On Wednesday and Thursday, I had the opportunity to gather more data about my students. This time, it came from sources that know them better than any standardized test or I could even hope to: their parents, guardians, and family members. 

Imagine if a teacher were to find out information like this that night (I should note that the bullets below are hypothetical and not factual; I respect the privacy of all of my students and their families): 
  • One student has a parent that has been injured multiple times in the military. She lives with extended family, and she is trying to find a way to balance the need to care for her parent in addition to finding time to study for school. 
  • Another student received the highest grades on her report card than she has in a long time. The student passed just a few classes, something that I was raised to think of as "failure." This was something to celebrate for her and her parent. 
  • One parent conveyed her appreciation of the writing process, remembering a time that she was in school. I appreciated her enthusiasm for really "rough drafts," and how the final draft is not as important as the process along the way. I now know that my goal of spending a lot of time on a piece meets this parent's goal and belief, too. 
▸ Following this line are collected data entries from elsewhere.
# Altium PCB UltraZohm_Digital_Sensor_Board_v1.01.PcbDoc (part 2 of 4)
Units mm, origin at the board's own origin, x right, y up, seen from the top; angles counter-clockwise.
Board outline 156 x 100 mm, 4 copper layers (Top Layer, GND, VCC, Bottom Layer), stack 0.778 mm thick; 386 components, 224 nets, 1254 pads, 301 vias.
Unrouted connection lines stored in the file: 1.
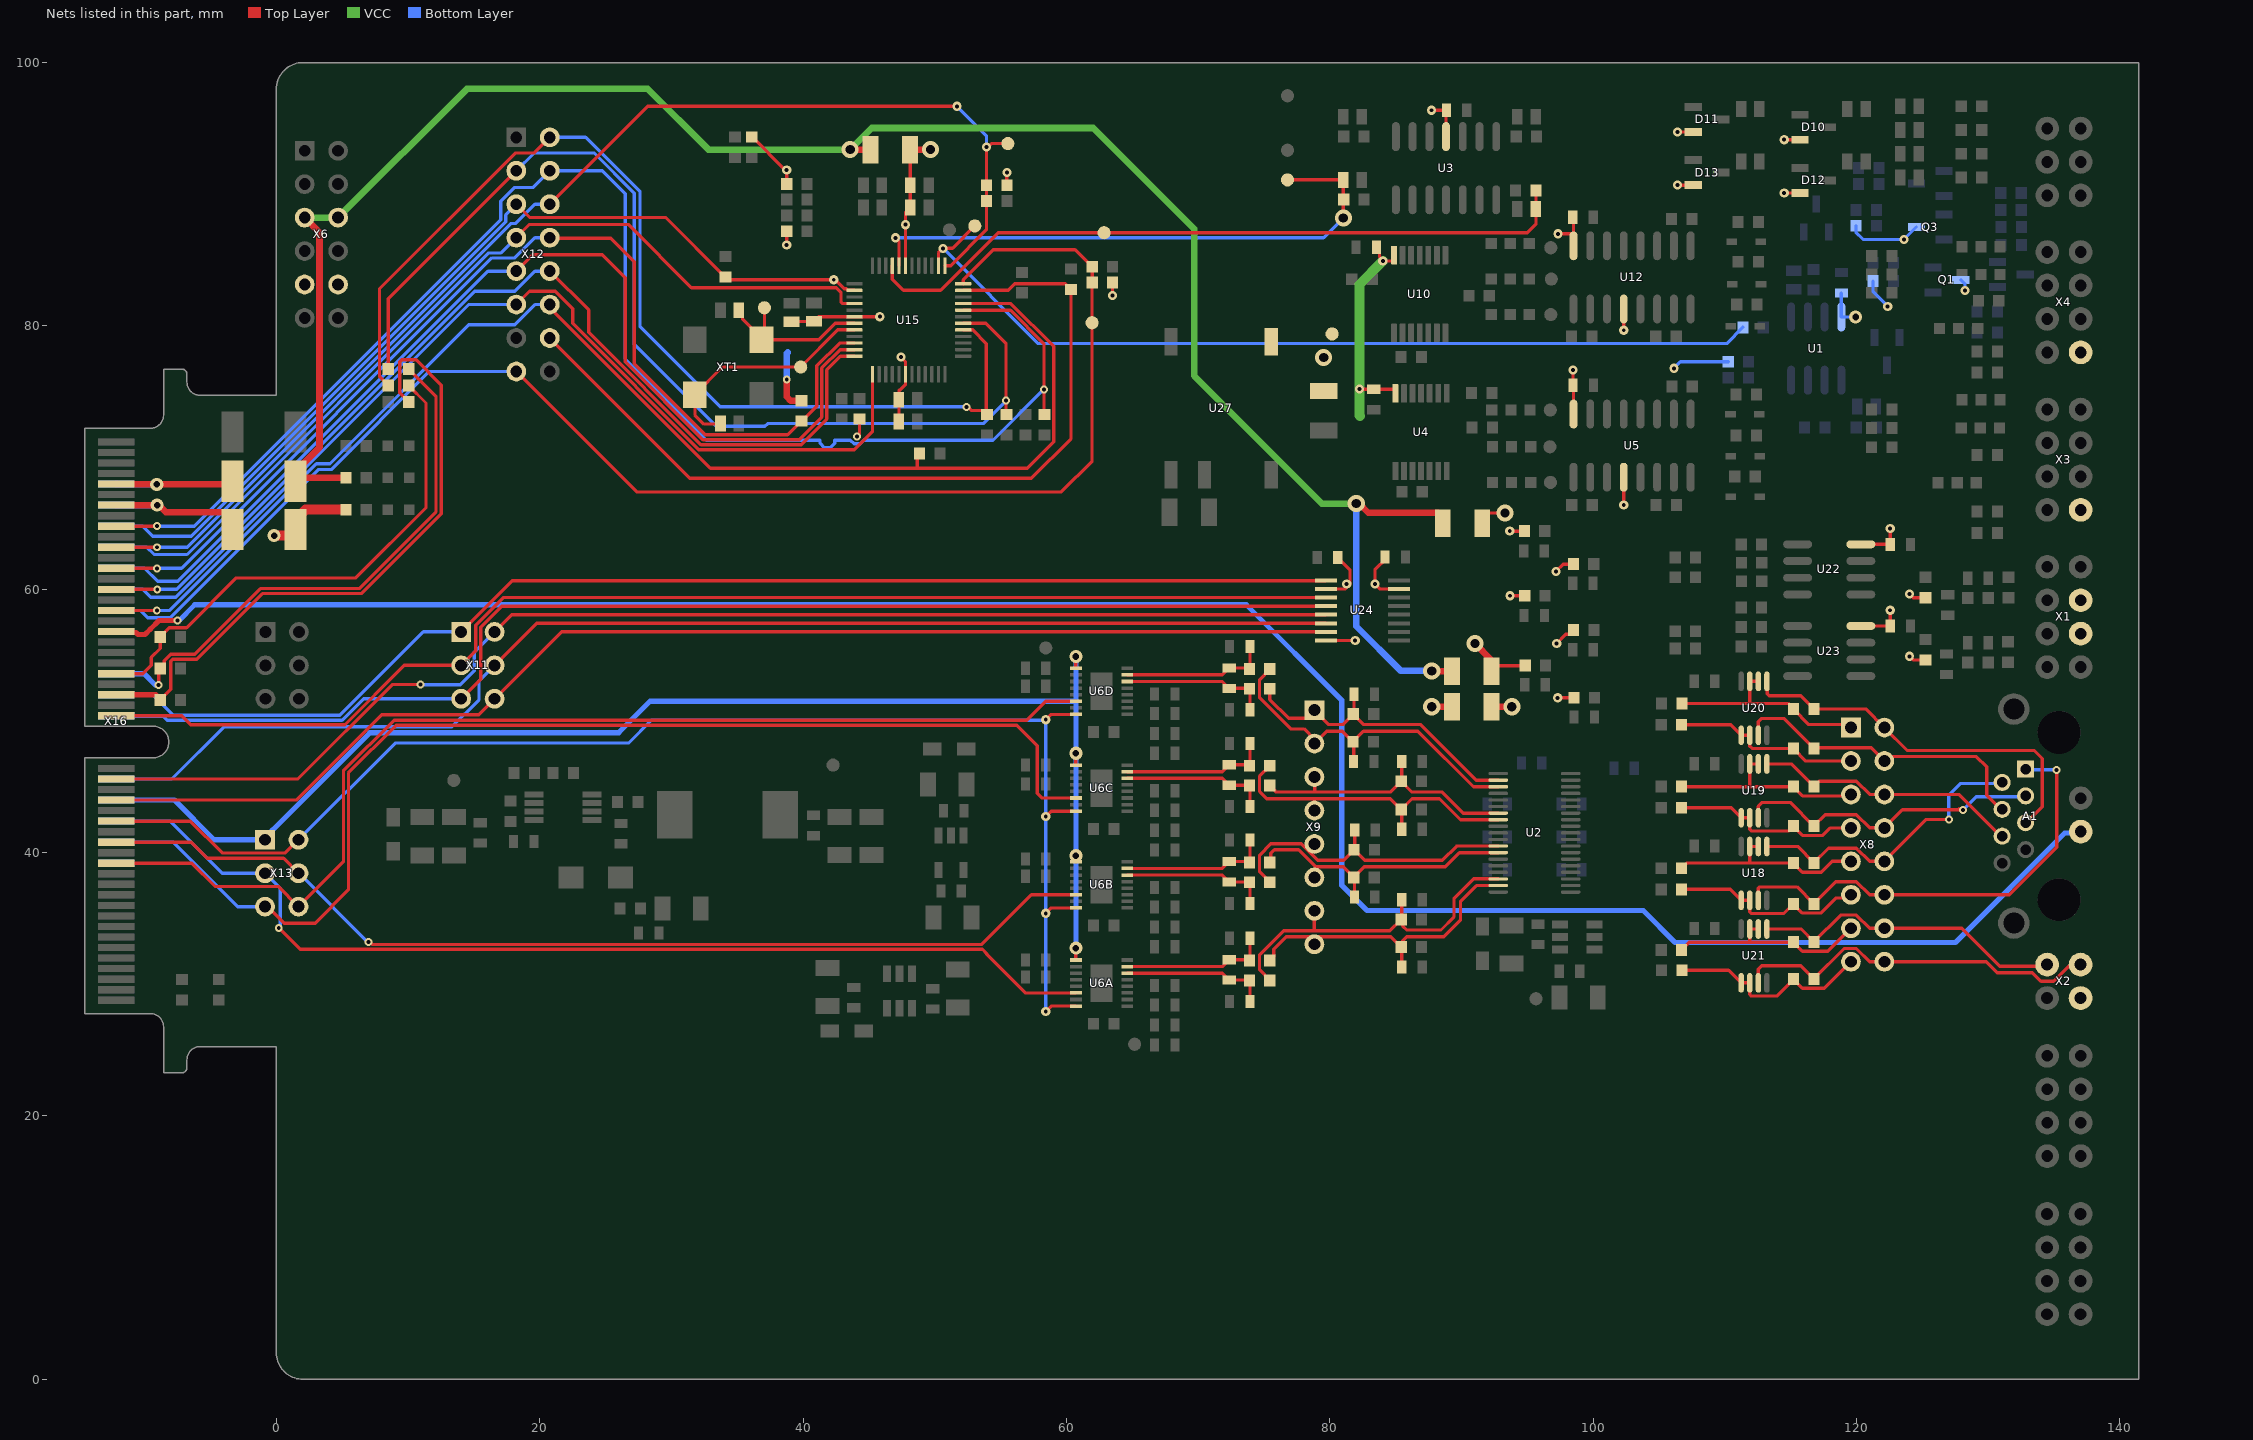
[diagram p4: the nets of this part, all layers, seen from the top]

## Part data
A1: library part CMP-1502-01699-1, "Modular Jack WR-MJ, Tab Up, Shielded, with EMI Panel Finger, Horizontal Entry, THT, 8P8C", Contact Resistance=20mOhm, Manufacturer="Wurth Elektronik", Operating Temperature=-40to85degC, Rated Current=1.5A, Withstanding Voltage=1000VAC, Working Voltage=120VAC, Compliance=Leadfree/RoHS, Datasheet URL=https://katalog.we-online.de/em/datasheet/615008140621.pdf, Entrance=Horizontal, Manufacturer URL=http://www.we-online.de, Mounting Technology=THT, Package Reference=615008140621, Packaging=Tray, Part Number=615008140621, Pin Number=8P8C, Port=1x1, Publisher=WurthElektronik
BS1 BS2 BS3 BS5: library part Bead, "6A", Manufacturer Part-Number=HI1206T500R-10, Digikey Part-Number=240-2412-1-ND
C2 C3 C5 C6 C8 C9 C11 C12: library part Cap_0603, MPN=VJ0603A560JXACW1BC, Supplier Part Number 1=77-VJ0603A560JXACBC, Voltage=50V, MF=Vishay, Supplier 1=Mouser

  • Another guardian and I discussed his nephew's frequent "book hopping." There's no standard for this, but it was reassuring that the parent even noticed how he appeared to bring a new book home every night and attempt to convince family members that he was completing them all. 
  • Another parent and I talked about improving time management. The student enjoys my class, feels as if she is learning, but just doesn't remember to complete all of the assignments in time because of extracurricular involvement. 
  • One parent told me that his son gets up around 5:00 AM in order to get ready for school and to make the commute to have a better educational opportunity than the one offered in their home neighborhood. 
  • And yet another parent told me about how her son attended a different school last year where there were multiple long-term substitutes and rampant inconsistencies throughout the building.
And the data goes on and on... 

So what are educators to do with all this? Add it to the copious amounts of other data to try to form an even bigger picture in our minds about who these students are. These young people are still forming and developing. This data reminds us of that and how human they really are. We must be willing to learn with, from, and about our students if we really want to make a difference.